_What the task asks:_ Which of the lines in the records below hold the string "Indices"? Copy every one of them.

═══ Extracted records

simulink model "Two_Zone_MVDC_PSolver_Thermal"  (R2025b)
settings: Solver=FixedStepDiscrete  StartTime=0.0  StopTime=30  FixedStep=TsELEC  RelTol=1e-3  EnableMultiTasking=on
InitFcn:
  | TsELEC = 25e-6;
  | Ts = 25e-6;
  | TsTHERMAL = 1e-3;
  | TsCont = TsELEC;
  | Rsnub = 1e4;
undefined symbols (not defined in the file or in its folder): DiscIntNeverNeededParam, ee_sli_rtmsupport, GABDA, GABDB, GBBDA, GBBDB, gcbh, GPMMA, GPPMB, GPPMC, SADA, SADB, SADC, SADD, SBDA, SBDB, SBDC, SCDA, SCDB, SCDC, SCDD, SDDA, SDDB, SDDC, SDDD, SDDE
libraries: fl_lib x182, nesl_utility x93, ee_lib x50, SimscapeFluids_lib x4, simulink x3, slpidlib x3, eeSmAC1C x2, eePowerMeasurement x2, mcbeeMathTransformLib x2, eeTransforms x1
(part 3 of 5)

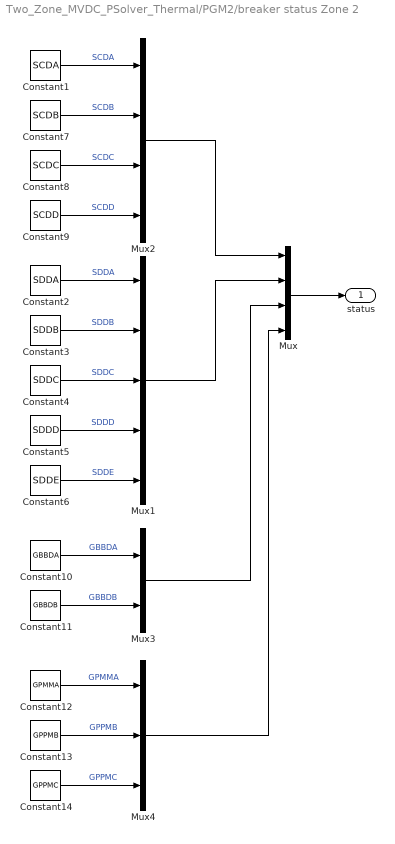
== system Two_Zone_MVDC_PSolver_Thermal/PGM2/breaker status Zone 2 ==
  Constant1 : Constant  Value=SCDA  SampleTime=Ts
  Constant10 : Constant  Value=GBBDA  SampleTime=Ts
  Constant11 : Constant  Value=GBBDB  SampleTime=Ts
  Constant12 : Constant  Value=GPMMA  SampleTime=Ts
  Constant13 : Constant  Value=GPPMB  SampleTime=Ts
  Constant14 : Constant  Value=GPPMC  SampleTime=Ts
  Constant2 : Constant  Value=SDDA  SampleTime=Ts
  Constant3 : Constant  Value=SDDB  SampleTime=Ts
  Constant4 : Constant  Value=SDDC  VectorParams1D=off  SampleTime=Ts
  Constant5 : Constant  Value=SDDD  SampleTime=Ts
  Constant6 : Constant  Value=SDDE  SampleTime=Ts
  Constant7 : Constant  Value=SCDB  SampleTime=Ts
  Constant8 : Constant  Value=SCDC  SampleTime=Ts
  Constant9 : Constant  Value=SCDD  SampleTime=Ts
  Mux : Mux  Inputs=[4 5 2 3]
  Mux1 : Mux  Inputs=5
  Mux2 : Mux
  Mux3 : Mux  Inputs=2
  Mux4 : Mux  Inputs=3
  status : Outport  VectorParamsAs1DForOutWhenUnconnected=off
  wires:
  Mux/1 -> status/1
  Constant9/1 -> Mux2/4  "SCDD"
  Constant8/1 -> Mux2/3  "SCDC"
  Constant7/1 -> Mux2/2  "SCDB"
  Constant1/1 -> Mux2/1  "SCDA"
  Constant6/1 -> Mux1/5  "SDDE"
  Constant4/1 -> Mux1/3  "SDDC"
  Constant3/1 -> Mux1/2  "SDDB"
  Constant2/1 -> Mux1/1  "SDDA"
  Constant5/1 -> Mux1/4  "SDDD"
  Constant10/1 -> Mux3/1  "GBBDA"
  Constant11/1 -> Mux3/2  "GBBDB"
  Constant12/1 -> Mux4/1  "GPMMA"
  Constant13/1 -> Mux4/2  "GPPMB"
  Constant14/1 -> Mux4/3  "GPPMC"
  Mux2/1 -> Mux/1
  Mux1/1 -> Mux/2
  Mux3/1 -> Mux/3
  Mux4/1 -> Mux/4

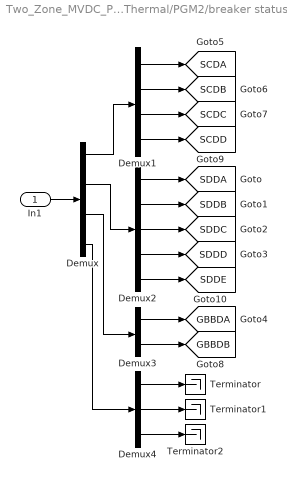
== system Two_Zone_MVDC_PSolver_Thermal/PGM2/breaker status1 ==
  In1 : Inport
  Demux : Demux  Outputs=[4 5 2 3]
  Demux1 : Demux
  Demux2 : Demux  Outputs=5
  Demux3 : Demux  Outputs=2
  Demux4 : Demux  Outputs=3
  Terminator : Terminator
  Terminator1 : Terminator
  Terminator2 : Terminator
  tag scope: GBBDA=global, GBBDB=global, SCDA=global, SCDB=global, SCDC=global, SCDD=global, SDDA=global, SDDB=global, SDDC=global, SDDD=global, SDDE=global
  wires:
  Demux/4 -> Demux4/1
  Demux4/3 -> Terminator2/1
  Demux4/2 -> Terminator1/1
  Demux4/1 -> Terminator/1
  Demux/3 -> Demux3/1
  Demux3/2 -> [GBBDB]
  Demux3/1 -> [GBBDA]
  Demux/2 -> Demux2/1
  Demux/1 -> Demux1/1
  Demux2/5 -> [SDDE]
  Demux1/4 -> [SCDD]
  Demux1/3 -> [SCDC]
  Demux1/2 -> [SCDB]
  Demux1/1 -> [SCDA]
  In1/1 -> Demux/1
  Demux2/4 -> [SDDD]
  Demux2/3 -> [SDDC]
  Demux2/1 -> [SDDA]
  Demux2/2 -> [SDDB]

== system Two_Zone_MVDC_PSolver_Thermal/PMM/Control ==
  Selector : Selector  InputPortWidth=2  IndexOptions=Index vector (dialog)  Indices=2  OutputSizes=1
  Selector1 : Selector  InputPortWidth=2  IndexOptions=Index vector (dialog)  Indices=1  OutputSizes=1
  Speed Control : Subsystem
  Torque Control : Subsystem
  Unit Delay1 : UnitDelay  SampleTime=Ts  HasFrameUpgradeWarning=on
  duty_cycle : Outport
  wires:
  Speed Control/1(IdqRef_PU) -> Torque Control/1(Idq_ref_PU)
  Selector1/1 -> Torque Control/3(Pos_Sim)
  Torque Control/1(Vabc_out_PU) -> Unit Delay1/1
  [Iab_meas1] -> Torque Control/2(Iab_Sim)
  Selector/1 -> Speed Control/2(Speed_Meas_PU)
  [pos_speed_1] -> Selector1/1, Selector/1
  [Nref1] -> Speed Control/1(Speed_Ref_PU)
  Unit Delay1/1 -> duty_cycle/1

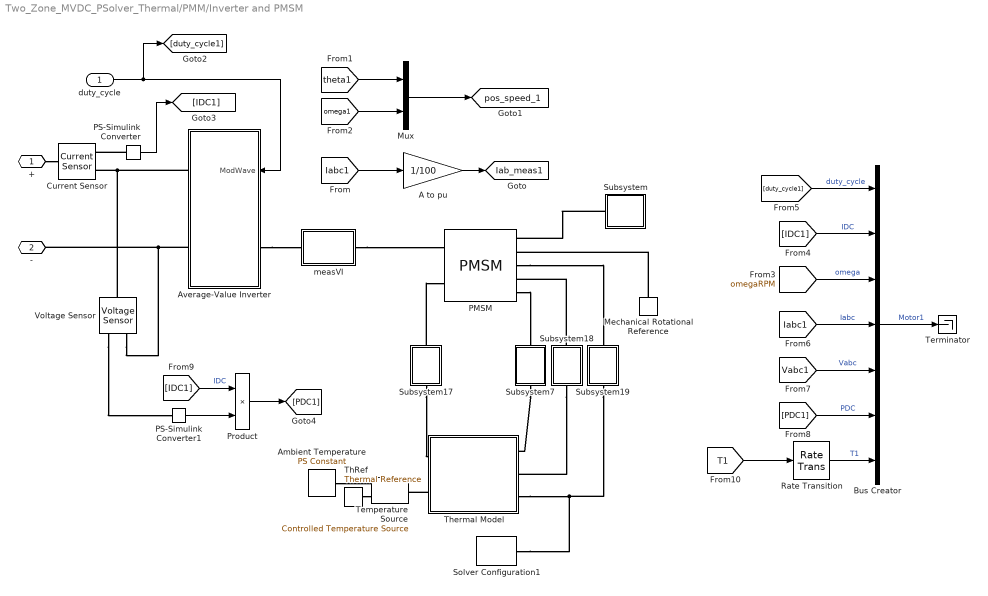
== system Two_Zone_MVDC_PSolver_Thermal/PMM/Inverter and PMSM ==
  duty_cycle : Inport
  A to pu : Gain  Gain=1/100
  Ambient Temperature : fl_lib/Physical Signals/Sources/PS Constant  constant=300
  Average-Value Inverter : Subsystem
  Bus Creator : BusCreator  Inputs=7
  Current Sensor : fl_lib/Electrical/Electrical Sensors/Current Sensor
  Mechanical Rotational Reference : fl_lib/Mechanical/Rotational Elements/Mechanical Rotational Reference
  Mux : Mux  Inputs=2
  PMSM : ee_lib/Electromechanical/Permanent Magnet/PMSM  port_option=ee.enum.threePhasePort.composite  winding_type=ee.enum.statorconnection.wye  machine_param=ee.enum.pmsm.parameterization.constant  nPolePairs=1  pmflux_param=ee.enum.pmflux.fluxlinkage  pm_flux_linkage=3.15*4 Wb  torque_constant=0.18 N*m/A  back_emf_constant=0.18 V/(rad/s)  stator_param=ee.enum.statorparam.LdLqL0  Ld=0.002 H  Lq=0.002 H  idVec=[-200, 0, 200] A  iqVec=[-200, 0, 200] A  LdMatrix=0.0002 * ones(3, 3) H  LqMatrix=0.0002 * ones(3, 3) H  PmMatrix=0.1 * ones(3, 3) Wb  ktMatrix=0.18 * ones(3, 3) N*m/A  keMatrix=0.18 * ones(3, 3) V/(rad/s)  L0=0 H  Ls=0.0002 H  Lm=-0.00002 H  Ms=0.00002 H  Rs=0.01 Ohm  zero_sequence=ee.enum.park.zerosequence.exclude  axes_param=ee.enum.rotorangle.daxis  loss_param=ee.enum.ironloss.none  losses_oc=[0, 0, 0] W  losses_sc=[0, 0, 0] W  f_losses=60 Hz  Isc_losses=95 A  J=2 kg*m^2  lam=1 N*m/(rad/s)  i_d_specify=off  i_d_priority=None  i_d=0 A  i_d_nominal_specify=off  i_d_nominal_value=1  i_d_nominal_unit=A  i_q_specify=off  i_q_priority=None  i_q=0 A  i_q_nominal_specify=off  i_q_nominal_value=1  i_q_nominal_unit=A  torque_specify=off  torque_priority=None  torque=0 N*m  torque_nominal_specify=off  torque_nominal_value=1  torque_nominal_unit=N*m  angular_velocity_specify=off  angular_velocity_priority=High  angular_velocity=0 rpm  angular_velocity_nominal_specify=off  angular_velocity_nominal_value=1  angular_velocity_nominal_unit=rpm  angular_position_specify=off  angular_position_priority=High  angular_position=0 deg  angular_position_nominal_specify=off  angular_position_nominal_value=1  angular_position_nominal_unit=deg  alpha=1e-6 1/K  alpha_flux=-0.001 1/K  Tmeas=298.15 K  stator_thermal_mass=1000 J/K  rotor_thermal_mass=2000 J/K  Rm_percent_rotor=90  Rd_percent_rotor=30  temperatureA_specify=off  temperatureA_priority=High  temperatureA=25 degC  temperatureA_nominal_specify=off  temperatureA_nominal_value=1  temperatureA_nominal_unit=degC  temperatureB_specify=off  temperatureB_priority=High  temperatureB=25 degC  temperatureB_nominal_specify=off  temperatureB_nominal_value=1  temperatureB_nominal_unit=degC  temperatureC_specify=off  temperatureC_priority=High  temperatureC=25 degC  temperatureC_nominal_specify=off  temperatureC_nominal_value=1  temperatureC_nominal_unit=degC  temperatureR_specify=off  temperatureR_priority=High  temperatureR=25 degC  temperatureR_nominal_specify=off  temperatureR_nominal_value=1  temperatureR_nominal_unit=degC
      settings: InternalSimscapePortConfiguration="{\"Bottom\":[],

══════

_Result for this task:_
  Selector : Selector  InputPortWidth=2  IndexOptions=Index vector (dialog)  Indices=2  OutputSizes=1
  Selector1 : Selector  InputPortWidth=2  IndexOptions=Index vector (dialog)  Indices=1  OutputSizes=1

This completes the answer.